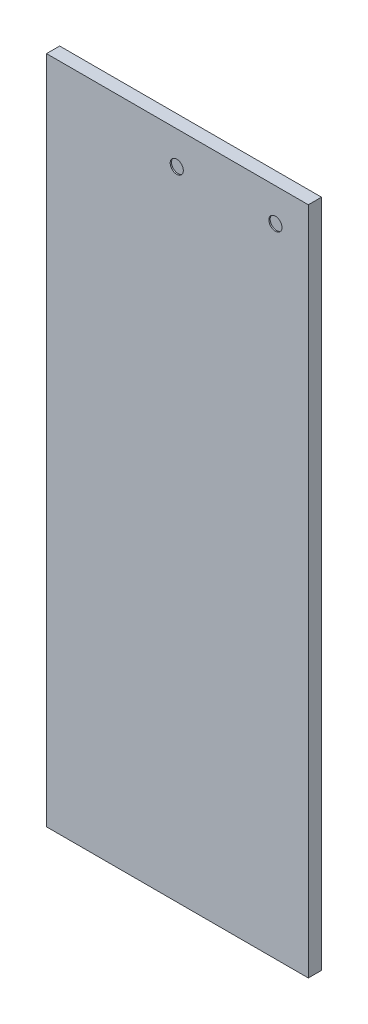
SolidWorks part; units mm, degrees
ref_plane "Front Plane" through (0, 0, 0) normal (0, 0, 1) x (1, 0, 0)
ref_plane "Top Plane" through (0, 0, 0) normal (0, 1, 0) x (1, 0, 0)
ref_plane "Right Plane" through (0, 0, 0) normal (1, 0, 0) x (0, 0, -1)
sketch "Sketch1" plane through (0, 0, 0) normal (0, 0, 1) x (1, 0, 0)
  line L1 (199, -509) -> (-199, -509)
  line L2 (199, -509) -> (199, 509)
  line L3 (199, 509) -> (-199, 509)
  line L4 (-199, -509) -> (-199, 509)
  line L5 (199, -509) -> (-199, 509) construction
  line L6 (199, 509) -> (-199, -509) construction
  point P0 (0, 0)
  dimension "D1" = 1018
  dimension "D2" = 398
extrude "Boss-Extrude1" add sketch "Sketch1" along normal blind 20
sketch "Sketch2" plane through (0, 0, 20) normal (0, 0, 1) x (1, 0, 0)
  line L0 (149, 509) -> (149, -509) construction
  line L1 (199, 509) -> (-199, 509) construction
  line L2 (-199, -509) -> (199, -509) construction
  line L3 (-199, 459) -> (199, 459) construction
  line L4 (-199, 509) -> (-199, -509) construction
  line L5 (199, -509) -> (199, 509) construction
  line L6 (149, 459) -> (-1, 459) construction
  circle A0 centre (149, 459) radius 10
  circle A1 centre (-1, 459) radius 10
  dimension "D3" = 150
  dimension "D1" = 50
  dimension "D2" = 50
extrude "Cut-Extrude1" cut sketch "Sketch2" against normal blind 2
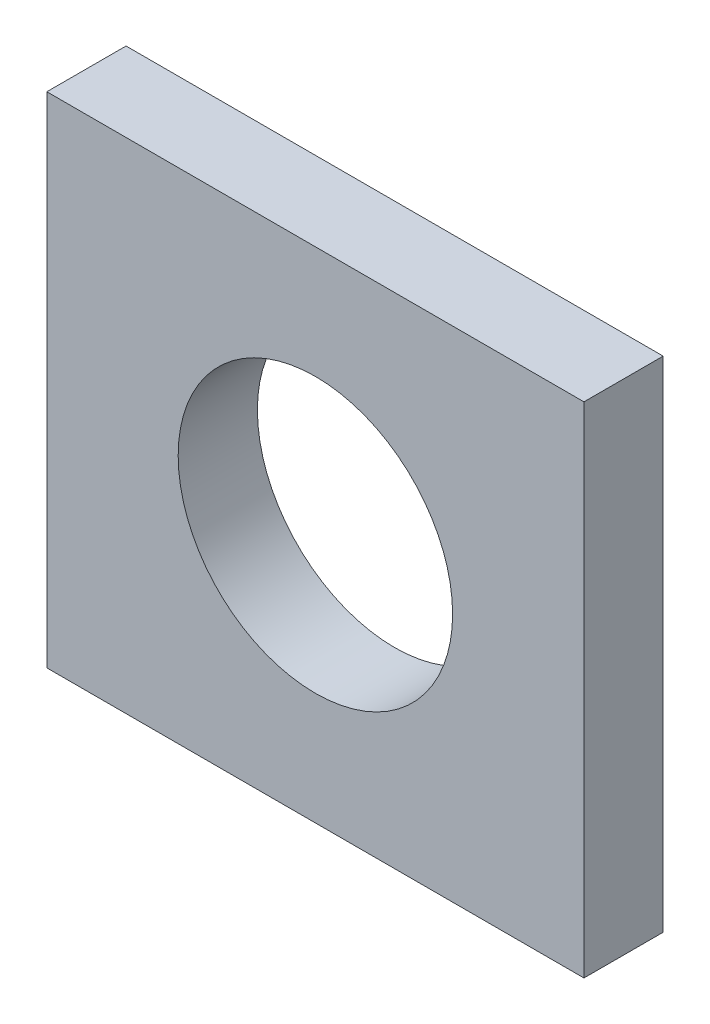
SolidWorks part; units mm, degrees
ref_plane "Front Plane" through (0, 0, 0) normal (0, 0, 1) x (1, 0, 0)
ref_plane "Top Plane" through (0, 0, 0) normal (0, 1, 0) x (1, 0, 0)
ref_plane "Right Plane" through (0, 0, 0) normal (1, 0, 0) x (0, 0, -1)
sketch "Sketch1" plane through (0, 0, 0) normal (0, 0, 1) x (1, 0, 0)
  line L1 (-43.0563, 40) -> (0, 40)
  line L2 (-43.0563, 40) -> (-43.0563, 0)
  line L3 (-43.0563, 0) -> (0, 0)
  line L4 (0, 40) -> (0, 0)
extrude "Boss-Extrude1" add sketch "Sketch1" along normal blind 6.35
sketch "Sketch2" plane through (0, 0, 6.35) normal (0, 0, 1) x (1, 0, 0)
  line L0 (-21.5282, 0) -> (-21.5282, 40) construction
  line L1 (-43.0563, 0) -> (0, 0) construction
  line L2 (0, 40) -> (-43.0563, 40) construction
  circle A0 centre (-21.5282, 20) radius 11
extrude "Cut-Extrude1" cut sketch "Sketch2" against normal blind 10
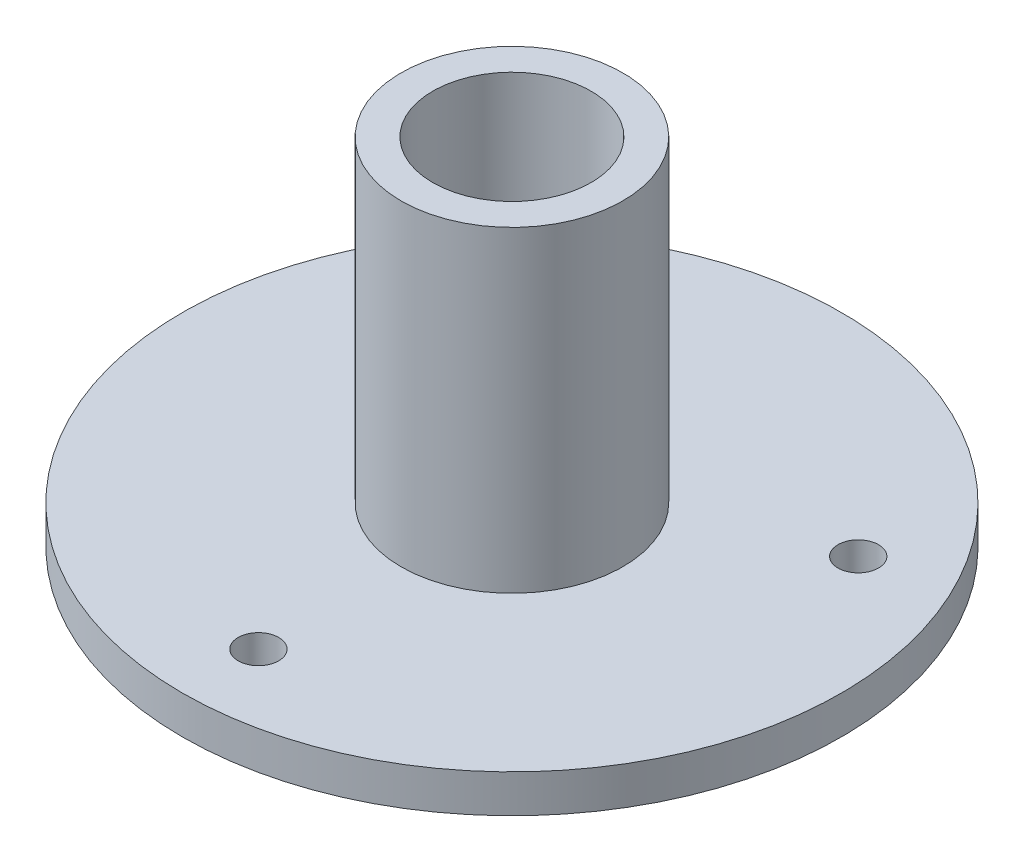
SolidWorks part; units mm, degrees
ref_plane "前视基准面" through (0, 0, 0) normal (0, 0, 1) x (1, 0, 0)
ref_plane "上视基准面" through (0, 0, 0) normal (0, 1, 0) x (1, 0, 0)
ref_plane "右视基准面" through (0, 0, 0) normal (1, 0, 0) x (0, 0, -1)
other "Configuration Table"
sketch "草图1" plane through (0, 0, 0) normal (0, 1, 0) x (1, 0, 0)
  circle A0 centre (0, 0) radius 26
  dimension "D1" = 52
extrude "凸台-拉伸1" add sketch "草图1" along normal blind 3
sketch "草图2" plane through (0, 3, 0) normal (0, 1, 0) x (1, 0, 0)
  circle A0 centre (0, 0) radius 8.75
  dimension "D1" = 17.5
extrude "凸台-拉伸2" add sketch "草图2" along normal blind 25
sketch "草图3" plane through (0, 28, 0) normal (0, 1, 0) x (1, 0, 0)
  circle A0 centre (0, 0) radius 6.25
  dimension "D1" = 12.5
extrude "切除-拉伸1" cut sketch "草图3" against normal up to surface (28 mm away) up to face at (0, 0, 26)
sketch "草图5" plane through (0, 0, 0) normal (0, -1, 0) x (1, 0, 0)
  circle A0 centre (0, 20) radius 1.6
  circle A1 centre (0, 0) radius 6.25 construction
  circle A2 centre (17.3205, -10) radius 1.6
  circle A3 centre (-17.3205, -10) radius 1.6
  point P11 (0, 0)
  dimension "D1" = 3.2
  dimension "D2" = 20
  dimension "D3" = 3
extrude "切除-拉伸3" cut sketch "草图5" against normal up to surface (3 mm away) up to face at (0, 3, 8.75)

**Brief**
Without the pictures, transcribe the listing exactly as it stands.

**Problem solution**
SolidWorks part; units mm, degrees
ref_plane "Front Plane" through (0, 0, 0) normal (0, 0, 1) x (1, 0, 0)
ref_plane "Top Plane" through (0, 0, 0) normal (0, 1, 0) x (1, 0, 0)
ref_plane "Right Plane" through (0, 0, 0) normal (1, 0, 0) x (0, 0, -1)
sketch "Sketch1" plane through (0, 0, 0) normal (0, 0, 1) x (1, 0, 0)
  line L1 (199, -509) -> (-199, -509)
  line L2 (199, -509) -> (199, 509)
  line L3 (199, 509) -> (-199, 509)
  line L4 (-199, -509) -> (-199, 509)
  line L5 (199, -509) -> (-199, 509) construction
  line L6 (199, 509) -> (-199, -509) construction
  point P0 (0, 0)
  dimension "D1" = 1018
  dimension "D2" = 398
extrude "Boss-Extrude1" add sketch "Sketch1" along normal blind 20
sketch "Sketch2" plane through (0, 0, 20) normal (0, 0, 1) x (1, 0, 0)
  line L0 (149, 509) -> (149, -509) construction
  line L1 (199, 509) -> (-199, 509) construction
  line L2 (-199, -509) -> (199, -509) construction
  line L3 (-199, 459) -> (199, 459) construction
  line L4 (-199, 509) -> (-199, -509) construction
  line L5 (199, -509) -> (199, 509) construction
  line L6 (149, 459) -> (-1, 459) construction
  circle A0 centre (149, 459) radius 10
  circle A1 centre (-1, 459) radius 10
  dimension "D3" = 150
  dimension "D1" = 50
  dimension "D2" = 50
extrude "Cut-Extrude1" cut sketch "Sketch2" against normal blind 2
SolidWorks part; units mm, degrees
ref_plane "Front Plane" through (0, 0, 0) normal (0, 0, 1) x (1, 0, 0)
ref_plane "Top Plane" through (0, 0, 0) normal (0, 1, 0) x (1, 0, 0)
ref_plane "Right Plane" through (0, 0, 0) normal (1, 0, 0) x (0, 0, -1)
sketch "Sketch1" plane through (0, 0, 0) normal (0, 0, 1) x (1, 0, 0)
  line L1 (-43.0563, 40) -> (0, 40)
  line L2 (-43.0563, 40) -> (-43.0563, 0)
  line L3 (-43.0563, 0) -> (0, 0)
  line L4 (0, 40) -> (0, 0)
extrude "Boss-Extrude1" add sketch "Sketch1" along normal blind 6.35
sketch "Sketch2" plane through (0, 0, 6.35) normal (0, 0, 1) x (1, 0, 0)
  line L0 (-21.5282, 0) -> (-21.5282, 40) construction
  line L1 (-43.0563, 0) -> (0, 0) construction
  line L2 (0, 40) -> (-43.0563, 40) construction
  circle A0 centre (-21.5282, 20) radius 11
extrude "Cut-Extrude1" cut sketch "Sketch2" against normal blind 10
SolidWorks part; units mm, degrees
ref_plane "前视基准面" through (0, 0, 0) normal (0, 0, 1) x (1, 0, 0)
ref_plane "上视基准面" through (0, 0, 0) normal (0, 1, 0) x (1, 0, 0)
ref_plane "右视基准面" through (0, 0, 0) normal (1, 0, 0) x (0, 0, -1)
other "Configuration Table"
sketch "草图1" plane through (0, 0, 0) normal (0, 1, 0) x (1, 0, 0)
  circle A0 centre (0, 0) radius 26
  dimension "D1" = 52
extrude "凸台-拉伸1" add sketch "草图1" along normal blind 3
sketch "草图2" plane through (0, 3, 0) normal (0, 1, 0) x (1, 0, 0)
  circle A0 centre (0, 0) radius 8.75
  dimension "D1" = 17.5
extrude "凸台-拉伸2" add sketch "草图2" along normal blind 25
sketch "草图3" plane through (0, 28, 0) normal (0, 1, 0) x (1, 0, 0)
  circle A0 centre (0, 0) radius 6.25
  dimension "D1" = 12.5
extrude "切除-拉伸1" cut sketch "草图3" against normal up to surface (28 mm away) up to face at (0, 0, 26)
sketch "草图5" plane through (0, 0, 0) normal (0, -1, 0) x (1, 0, 0)
  circle A0 centre (0, 20) radius 1.6
  circle A1 centre (0, 0) radius 6.25 construction
  circle A2 centre (17.3205, -10) radius 1.6
  circle A3 centre (-17.3205, -10) radius 1.6
  point P11 (0, 0)
  dimension "D1" = 3.2
  dimension "D2" = 20
  dimension "D3" = 3
extrude "切除-拉伸3" cut sketch "草图5" against normal up to surface (3 mm away) up to face at (0, 3, 8.75)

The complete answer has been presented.